### [Task directions]
Give back the exact lines of the material below from the one containing "line L11 (0, -6.35)" through the one containing "line L15 (91.906, -21.2284)", and no pictures.

### [Entries provided]
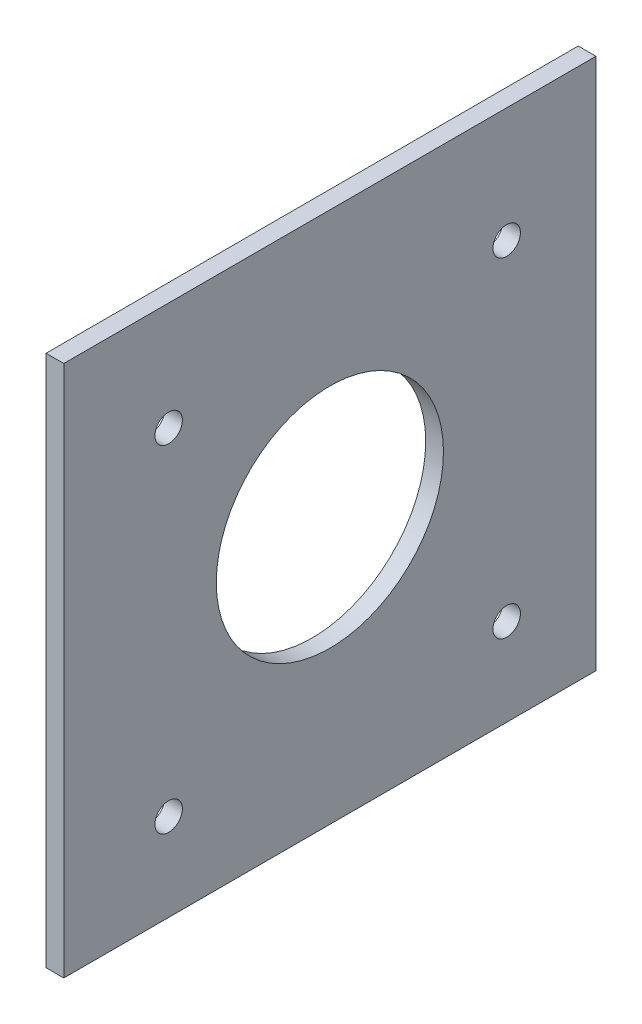
SolidWorks part; units mm, degrees
ref_plane "Front" through (0, 0, 0) normal (0, 0, 1) x (1, 0, 0)
ref_plane "Top" through (0, 0, 0) normal (0, 1, 0) x (1, 0, 0)
ref_plane "Right" through (0, 0, 0) normal (1, 0, 0) x (0, 0, -1)
sketch "Sketch1" plane through (0, 0, 0) normal (1, 0, 0) x (0, 0, -1)
  line L1 (47.625, -47.625) -> (-47.625, -47.625)
  line L2 (47.625, -47.625) -> (47.625, 47.625)
  line L3 (47.625, 47.625) -> (-47.625, 47.625)
  line L4 (-47.625, -47.625) -> (-47.625, 47.625)
  line L5 (47.625, -47.625) -> (-47.625, 47.625) construction
  line L6 (47.625, 47.625) -> (-47.625, -47.625) construction
  circle A0 centre (0, 0) radius 20.3289
  dimension "D1" = 40.6577
  dimension "D2" = 95.25
  dimension "D3" = 95.25
extrude "Boss-Extrude1" add sketch "Sketch1" along normal blind 3.175
sketch "Sketch4" plane through (3.175, 0, 0) normal (1, 0, 0) x (0, 0, -1)
  line L0 (-47.625, 47.625) -> (-47.625, -47.625) construction
  point P0 (-28.8538, 28.2555)
  point P2 (31.6461, 27.0588)
  point P4 (31.6461, -31.9785)
  point P6 (-28.8538, -31.9785)
  point P11 (0, 0)
  point P12 (0, 0)
  point P13 (0, 0)
  point P14 (0, 0)
  point P15 (0, 0)
  dimension "D1" = 18.7712
hole_wizard "#10 (0.1935) Diameter Hole1" positions "Sketch4" profile "Sketch3" hole size "#10" standard "ANSI Inch" end condition up to next
sketch "Sketch3" plane through (3.175, 28.2555, 28.8538) normal (0, 1, 0) x (0, 0, -1)
  line L0 (0, 0) -> (0, 3.175)
  line L1 (0, 3.175) -> (2.4574, 3.175)
  line L2 (2.4574, 3.175) -> (2.4574, 0)
  line L5 (2.4574, 0) -> (0, 0)
  line L11 (0, -6.35) -> (0, 107.95) construction
  dimension "Thru Hole Dia." = 4.9149
  dimension "Thru Hole Depth" = 3.175
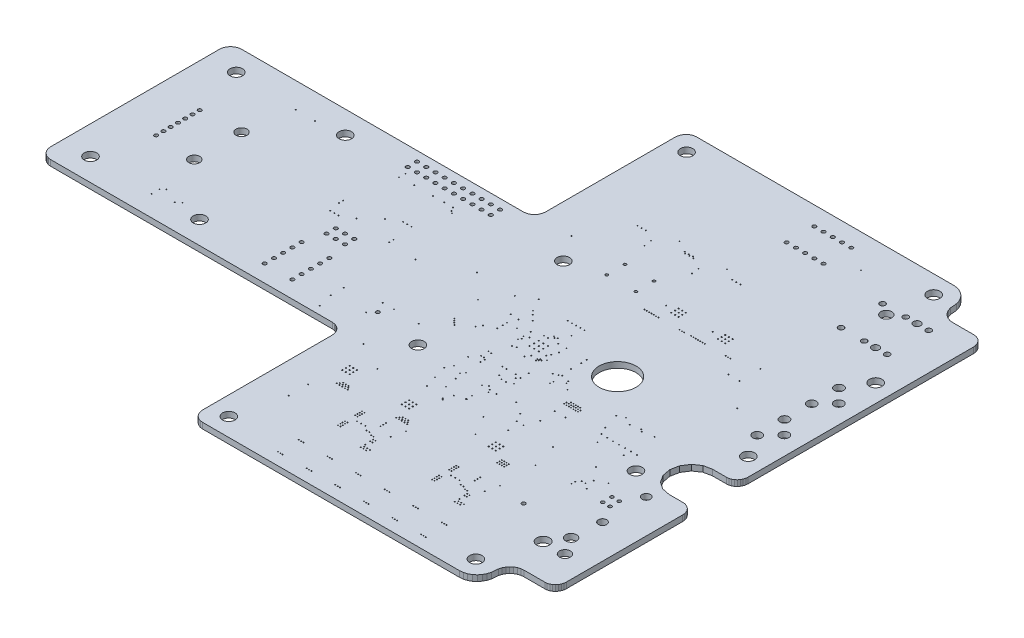
SolidWorks part; units mm, degrees
ref_plane "Front Plane" through (0, 0, 0) normal (0, 0, 1) x (1, 0, 0)
ref_plane "Top Plane" through (0, 0, 0) normal (0, 1, 0) x (1, 0, 0)
ref_plane "Right Plane" through (0, 0, 0) normal (1, 0, 0) x (0, 0, -1)
ref_plane "Dielectric_Layer Layer 1" through (0, 1.6, 0) normal (0, 1, 0) x (1, 0, 0)
sketch "Sketch1" plane through (0, 0, 0) normal (0, 1, 0) x (1, 0, 0)
  line L0 (90.797, -59) -> (91.3624, -58.9424)
  line L1 (91.3624, -58.9424) -> (91.906, -58.7716)
  line L2 (91.906, -58.7716) -> (92.4069, -58.4944)
  line L3 (92.4069, -58.4944) -> (92.8461, -58.1213)
  line L4 (92.8461, -58.1213) -> (93.2064, -57.6667)
  line L5 (93.2064, -57.6667) -> (93.4742, -57.148)
  line L6 (93.4742, -57.148) -> (93.6391, -56.5853)
  line L7 (93.6391, -56.5853) -> (93.6948, -56)
  line L8 (93.6948, -56) -> (93.6948, -24)
  line L9 (93.6948, -24) -> (93.6391, -23.4147)
  line L10 (93.6391, -23.4147) -> (93.4742, -22.8519)
  line L11 (93.4742, -22.8519) -> (93.2064, -22.3333)
  line L12 (93.2064, -22.3333) -> (92.8461, -21.8787)
  line L13 (92.8461, -21.8787) -> (92.4069, -21.5056)
  line L14 (92.4069, -21.5056) -> (91.906, -21.2284)
  line L15 (91.906, -21.2284) -> (91.3624, -21.0576)
  line L16 (91.3624, -21.0576) -> (90.797, -21)
  line L17 (90.797, -21) -> (86.9333, -21)
  line L18 (86.9333, -21) -> (84.7155, -20.5433)
  line L19 (84.7155, -20.5433) -> (82.8353, -19.2426)
  line L20 (82.8353, -19.2426) -> (81.5789, -17.2961)
  line L21 (81.5789, -17.2961) -> (81.1378, -15)
  line L22 (81.1378, -15) -> (81.5789, -12.7039)
  line L23 (81.5789, -12.7039) -> (82.8353, -10.7574)
  line L24 (82.8353, -10.7574) -> (84.7155, -9.4567)
  line L25 (84.7155, -9.4567) -> (86.9333, -9)
  line L26 (86.9333, -9) -> (90.797, -9)
  line L27 (90.797, -9) -> (91.3624, -8.9424)
  line L28 (91.3624, -8.9424) -> (91.906, -8.7716)
  line L29 (91.906, -8.7716) -> (92.4069, -8.4944)
  line L30 (92.4069, -8.4944) -> (92.8461, -8.1213)
  line L31 (92.8461, -8.1213) -> (93.2064, -7.6667)
  line L32 (93.2064, -7.6667) -> (93.4742, -7.148)
  line L33 (93.4742, -7.148) -> (93.6391, -6.5853)
  line L34 (93.6391, -6.5853) -> (93.6948, -6)
  line L35 (93.6948, -6) -> (93.6948, 56)
  line L36 (93.6948, 56) -> (93.6391, 56.5853)
  line L37 (93.6391, 56.5853) -> (93.4742, 57.148)
  line L38 (93.4742, 57.148) -> (93.2064, 57.6667)
  line L39 (93.2064, 57.6667) -> (92.8461, 58.1213)
  line L40 (92.8461, 58.1213) -> (92.4069, 58.4944)
  line L41 (92.4069, 58.4944) -> (91.906, 58.7716)
  line L42 (91.906, 58.7716) -> (91.3624, 58.9424)
  line L43 (91.3624, 58.9424) -> (90.797, 59)
  line L44 (90.797, 59) -> (85.0015, 59)
  line L45 (85.0015, 59) -> (84.2477, 59.0769)
  line L46 (84.2477, 59.0769) -> (83.5229, 59.3045)
  line L47 (83.5229, 59.3045) -> (82.8549, 59.6741)
  line L48 (82.8549, 59.6741) -> (82.2694, 60.1716)
  line L49 (82.2694, 60.1716) -> (81.7889, 60.7777)
  line L50 (81.7889, 60.7777) -> (81.4319, 61.4693)
  line L51 (81.4319, 61.4693) -> (81.212, 62.2196)
  line L52 (81.212, 62.2196) -> (81.1378, 63)
  line L53 (81.1378, 63) -> (81.045, 63.9755)
  line L54 (81.045, 63.9755) -> (80.7701, 64.9134)
  line L55 (80.7701, 64.9134) -> (80.3238, 65.7779)
  line L56 (80.3238, 65.7779) -> (79.7232, 66.5355)
  line L57 (79.7232, 66.5355) -> (78.9913, 67.1573)
  line L58 (78.9913, 67.1573) -> (78.1564, 67.6194)
  line L59 (78.1564, 67.6194) -> (77.2503, 67.9039)
  line L60 (77.2503, 67.9039) -> (76.3081, 68)
  line L61 (76.3081, 68) -> (5.5183, 68)
  line L62 (5.5183, 68) -> (4.953, 67.9424)
  line L63 (4.953, 67.9424) -> (4.4094, 67.7716)
  line L64 (4.4094, 67.7716) -> (3.9084, 67.4944)
  line L65 (3.9084, 67.4944) -> (3.4693, 67.1213)
  line L66 (3.4693, 67.1213) -> (3.1089, 66.6667)
  line L67 (3.1089, 66.6667) -> (2.8411, 66.148)
  line L68 (2.8411, 66.148) -> (2.6762, 65.5853)
  line L69 (2.6762, 65.5853) -> (2.6206, 65)
  line L70 (2.6206, 65) -> (2.6206, 29.337)
  line L71 (2.6206, 29.337) -> (2.5167, 28.5481)
  line L72 (2.5167, 28.5481) -> (2.2122, 27.813)
  line L73 (2.2122, 27.813) -> (1.7278, 27.1817)
  line L74 (1.7278, 27.1817) -> (1.0965, 26.6974)
  line L75 (1.0965, 26.6974) -> (0.3614, 26.3929)
  line L76 (0.3614, 26.3929) -> (-0.4274, 26.289)
  line L77 (-0.4274, 26.289) -> (-77.978, 26.289)
  line L78 (-77.978, 26.289) -> (-78.7669, 26.1851)
  line L79 (-78.7669, 26.1851) -> (-79.502, 25.8806)
  line L80 (-79.502, 25.8806) -> (-80.1333, 25.3963)
  line L81 (-80.1333, 25.3963) -> (-80.6176, 24.765)
  line L82 (-80.6176, 24.765) -> (-80.9221, 24.0299)
  line L83 (-80.9221, 24.0299) -> (-81.026, 23.241)
  line L84 (-81.026, 23.241) -> (-81.026, -23.241)
  line L85 (-81.026, -23.241) -> (-80.9221, -24.0299)
  line L86 (-80.9221, -24.0299) -> (-80.6176, -24.765)
  line L87 (-80.6176, -24.765) -> (-80.1333, -25.3963)
  line L88 (-80.1333, -25.3963) -> (-79.502, -25.8806)
  line L89 (-79.502, -25.8806) -> (-78.7669, -26.1851)
  line L90 (-78.7669, -26.1851) -> (-77.978, -26.289)
  line L91 (-77.978, -26.289) -> (-0.4274, -26.289)
  line L92 (-0.4274, -26.289) -> (0.3614, -26.3929)
  line L93 (0.3614, -26.3929) -> (1.0965, -26.6974)
  line L94 (1.0965, -26.6974) -> (1.7278, -27.1817)
  line L95 (1.7278, -27.1817) -> (2.2122, -27.813)
  line L96 (2.2122, -27.813) -> (2.5167, -28.5481)
  line L97 (2.5167, -28.5481) -> (2.6206, -29.337)
  line L98 (2.6206, -29.337) -> (2.6206, -65)
  line L99 (2.6206, -65) -> (2.6762, -65.5853)
  line L100 (2.6762, -65.5853) -> (2.8411, -66.148)
  line L101 (2.8411, -66.148) -> (3.1089, -66.6667)
  line L102 (3.1089, -66.6667) -> (3.4693, -67.1213)
  line L103 (3.4693, -67.1213) -> (3.9084, -67.4944)
  line L104 (3.9084, -67.4944) -> (4.4094, -67.7716)
  line L105 (4.4094, -67.7716) -> (4.953, -67.9424)
  line L106 (4.953, -67.9424) -> (5.5183, -68)
  line L107 (5.5183, -68) -> (76.3081, -68)
  line L108 (76.3081, -68) -> (77.2503, -67.9039)
  line L109 (77.2503, -67.9039) -> (78.1564, -67.6194)
  line L110 (78.1564, -67.6194) -> (78.9913, -67.1573)
  line L111 (78.9913, -67.1573) -> (79.7232, -66.5355)
  line L112 (79.7232, -66.5355) -> (80.3238, -65.7779)
  line L113 (80.3238, -65.7779) -> (80.7701, -64.9134)
  line L114 (80.7701, -64.9134) -> (81.045, -63.9755)
  line L115 (81.045, -63.9755) -> (81.1378, -63)
  line L116 (81.1378, -63) -> (81.212, -62.2196)
  line L117 (81.212, -62.2196) -> (81.4319, -61.4693)
  line L118 (81.4319, -61.4693) -> (81.7889, -60.7777)
  line L119 (81.7889, -60.7777) -> (82.2694, -60.1716)
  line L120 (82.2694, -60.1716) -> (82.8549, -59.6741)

### [Expected answer]
  line L11 (0, -6.35) -> (0, 107.95) construction
  dimension "Thru Hole Dia." = 4.9149
  dimension "Thru Hole Depth" = 3.175
SolidWorks part; units mm, degrees
ref_plane "Front Plane" through (0, 0, 0) normal (0, 0, 1) x (1, 0, 0)
ref_plane "Top Plane" through (0, 0, 0) normal (0, 1, 0) x (1, 0, 0)
ref_plane "Right Plane" through (0, 0, 0) normal (1, 0, 0) x (0, 0, -1)
ref_plane "Dielectric_Layer Layer 1" through (0, 1.6, 0) normal (0, 1, 0) x (1, 0, 0)
sketch "Sketch1" plane through (0, 0, 0) normal (0, 1, 0) x (1, 0, 0)
  line L0 (90.797, -59) -> (91.3624, -58.9424)
  line L1 (91.3624, -58.9424) -> (91.906, -58.7716)
  line L2 (91.906, -58.7716) -> (92.4069, -58.4944)
  line L3 (92.4069, -58.4944) -> (92.8461, -58.1213)
  line L4 (92.8461, -58.1213) -> (93.2064, -57.6667)
  line L5 (93.2064, -57.6667) -> (93.4742, -57.148)
  line L6 (93.4742, -57.148) -> (93.6391, -56.5853)
  line L7 (93.6391, -56.5853) -> (93.6948, -56)
  line L8 (93.6948, -56) -> (93.6948, -24)
  line L9 (93.6948, -24) -> (93.6391, -23.4147)
  line L10 (93.6391, -23.4147) -> (93.4742, -22.8519)
  line L11 (93.4742, -22.8519) -> (93.2064, -22.3333)
  line L12 (93.2064, -22.3333) -> (92.8461, -21.8787)
  line L13 (92.8461, -21.8787) -> (92.4069, -21.5056)
  line L14 (92.4069, -21.5056) -> (91.906, -21.2284)
  line L15 (91.906, -21.2284) -> (91.3624, -21.0576)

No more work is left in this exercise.